Великая же княгиня, удостоверившись в способностях Карамзина и чувствуя в нем единомышленника, вознамерилась приблизить его к Твери. Ей хотелось иметь рядом умного собеседника, с которым можно было бы общаться постоянно.
— Почему бы вам не стать гражданским губернатором Твери? — спросила она как-то Карамзина. — Вы очень облегчили бы жизнь моему дорогому супругу и украсили мою.
— Ваше императорское высочество, — растерянно ответил тот, — я благодарен вам за высокую милость, но вынужден отказаться.
— Отчего же? — искренне удивилась Екатерина.
— Боюсь, что не смогу сочетать обязанности государственного служащего с трудом историка.
— Да полно вам!
— Нет, право, я или буду худым губернатором, или худым историком.

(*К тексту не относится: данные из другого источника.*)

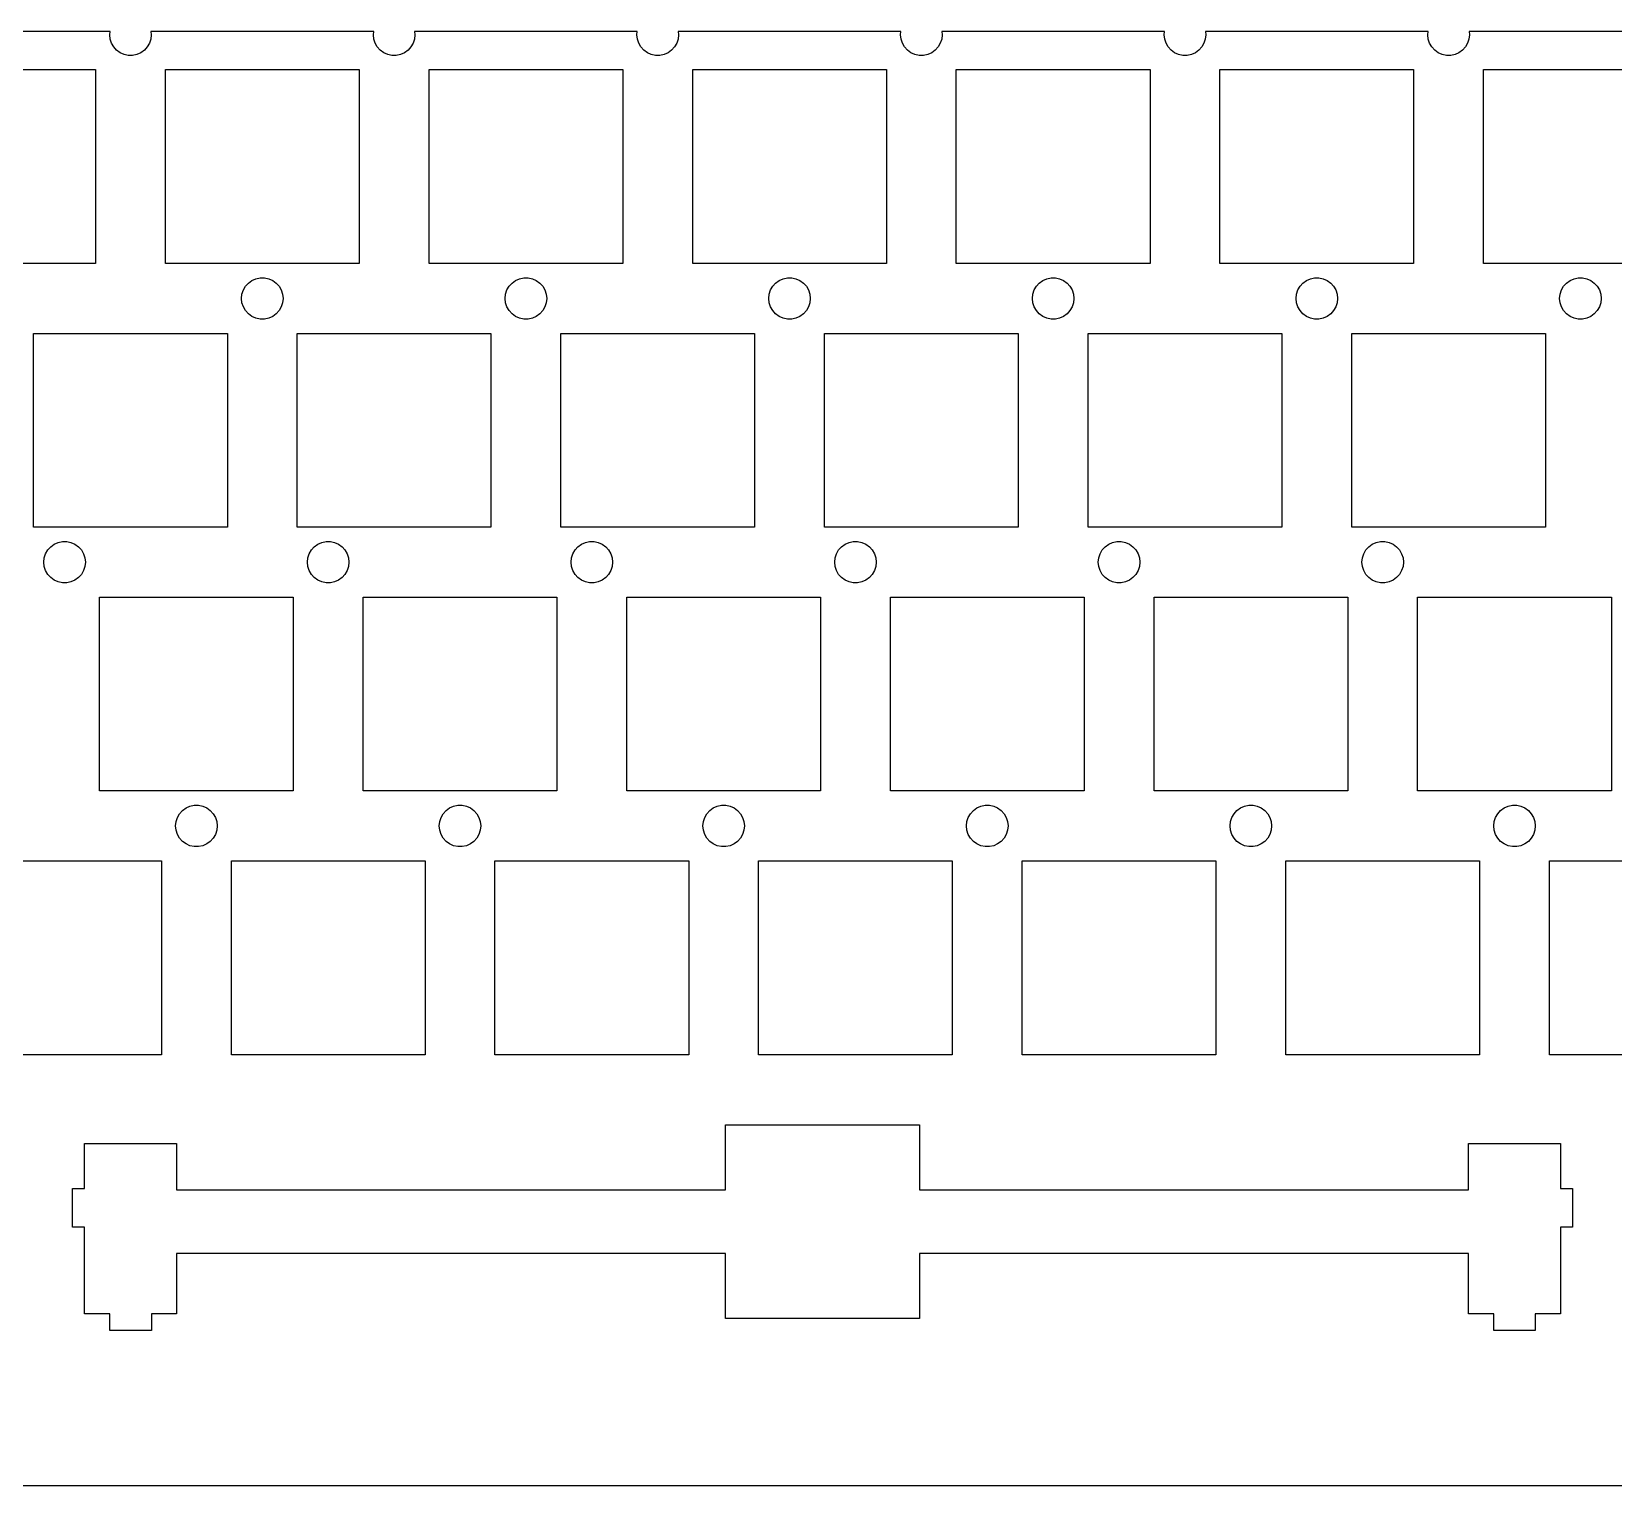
# Model space of a CAD drawing. Header units: metres. Extents: x 0 to 357, y 0 to 140.
# Drawn here: x 102.4 to 216.7, y 0 to 105 of the extents above; entities that cross this region are included whole.
import ezdxf

# ---------------------------------------------------------------- set-up
doc = ezdxf.new("R2010")
doc.units = ezdxf.units.M

msp = doc.modelspace()

# ---------------------------------------------------------------- linework, layer by layer
for p, q in [((108.06, 104.994), (91.9645, 104.994)), ((108.037, 104.775), (108.06, 104.994)), ((108.07, 104.463), (108.037, 104.775)), ((108.167, 104.165), (108.07, 104.463)), ((108.324, 103.893), (108.167, 104.165)), ((110.908, 104.165), (110.751, 103.893)), ((111.005, 104.463), (110.908, 104.165)), ((111.037, 104.775), (111.005, 104.463)), ((127.11, 104.994), (111.014, 104.994)), ((111.014, 104.994), (111.037, 104.775)), ((127.087, 104.775), (127.11, 104.994)), ((127.12, 104.463), (127.087, 104.775)), ((127.217, 104.165), (127.12, 104.463)), ((127.374, 103.893), (127.217, 104.165)), ((129.958, 104.165), (129.801, 103.893)), ((130.055, 104.463), (129.958, 104.165)), ((130.087, 104.775), (130.055, 104.463)), ((146.16, 104.994), (130.064, 104.994)), ((130.064, 104.994), (130.087, 104.775)), ((146.137, 104.775), (146.16, 104.994)), ((146.17, 104.463), (146.137, 104.775)), ((146.267, 104.165), (146.17, 104.463)), ((146.424, 103.893), (146.267, 104.165)), ((149.008, 104.165), (148.851, 103.893)), ((149.105, 104.463), (149.008, 104.165)), ((149.137, 104.775), (149.105, 104.463)), ((165.21, 104.994), (149.114, 104.994)), ((149.114, 104.994), (149.137, 104.775)), ((165.187, 104.775), (165.21, 104.994)), ((165.22, 104.463), (165.187, 104.775)), ((165.317, 104.165), (165.22, 104.463)), ((165.474, 103.893), (165.317, 104.165)), ((168.058, 104.165), (167.901, 103.893)), ((168.155, 104.463), (168.058, 104.165)), ((168.187, 104.775), (168.155, 104.463)), ((184.26, 104.994), (168.164, 104.994)), ((168.164, 104.994), (168.187, 104.775)), ((184.237, 104.775), (184.26, 104.994)), ((184.27, 104.463), (184.237, 104.775)), ((184.367, 104.165), (184.27, 104.463)), ((184.524, 103.893), (184.367, 104.165)), ((187.108, 104.165), (186.951, 103.893)), ((187.205, 104.463), (187.108, 104.165)), ((187.237, 104.775), (187.205, 104.463)), ((203.31, 104.994), (187.214, 104.994)), ((187.214, 104.994), (187.237, 104.775)), ((203.287, 104.775), (203.31, 104.994)), ((203.32, 104.463), (203.287, 104.775)), ((203.417, 104.165), (203.32, 104.463)), ((203.574, 103.893), (203.417, 104.165)), ((206.158, 104.165), (206.001, 103.893)), ((206.255, 104.463), (206.158, 104.165)), ((206.287, 104.775), (206.255, 104.463)), ((222.36, 104.994), (206.264, 104.994)), ((206.264, 104.994), (206.287, 104.775)), ((108.534, 103.66), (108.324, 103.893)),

— Вы неподражаемы! — рассмеялась Екатерина Павловна. — Что ж, оставайтесь историком, только не лишайте меня вашей дружбы.
Карамзин с подчеркнутым почтением поцеловал край платья великой княгини и тихо сказал:
— Я не могу называть себя вашим другом, ваше императорское высочество. Вы — полубогиня, а я — простой смертный.
При всех своих несомненных достоинствах, Екатерина Павловна была слишком женщиной, чтобы не ценить комплименты и даже откровенную лесть, особенно если льстили с таким тактом, как Карамзин.
А он… Он очень высоко ценил отношение к себе Екатерины Павловны, почитал ее и действительно за глаза называл «Тверской полубогиней».
Сама же Екатерина Павловна в письмах называла Карамзина своим учителем. Тем не менее она писала ему почти всегда по-французски, то ли не рискуя выражать свои мысли на языке, который все-таки не был для нее основным, то ли подчеркивая, что не хочет вторгаться в ту область, где царил русский писатель, один из основателей нового литературного языка, ясного и выразительного.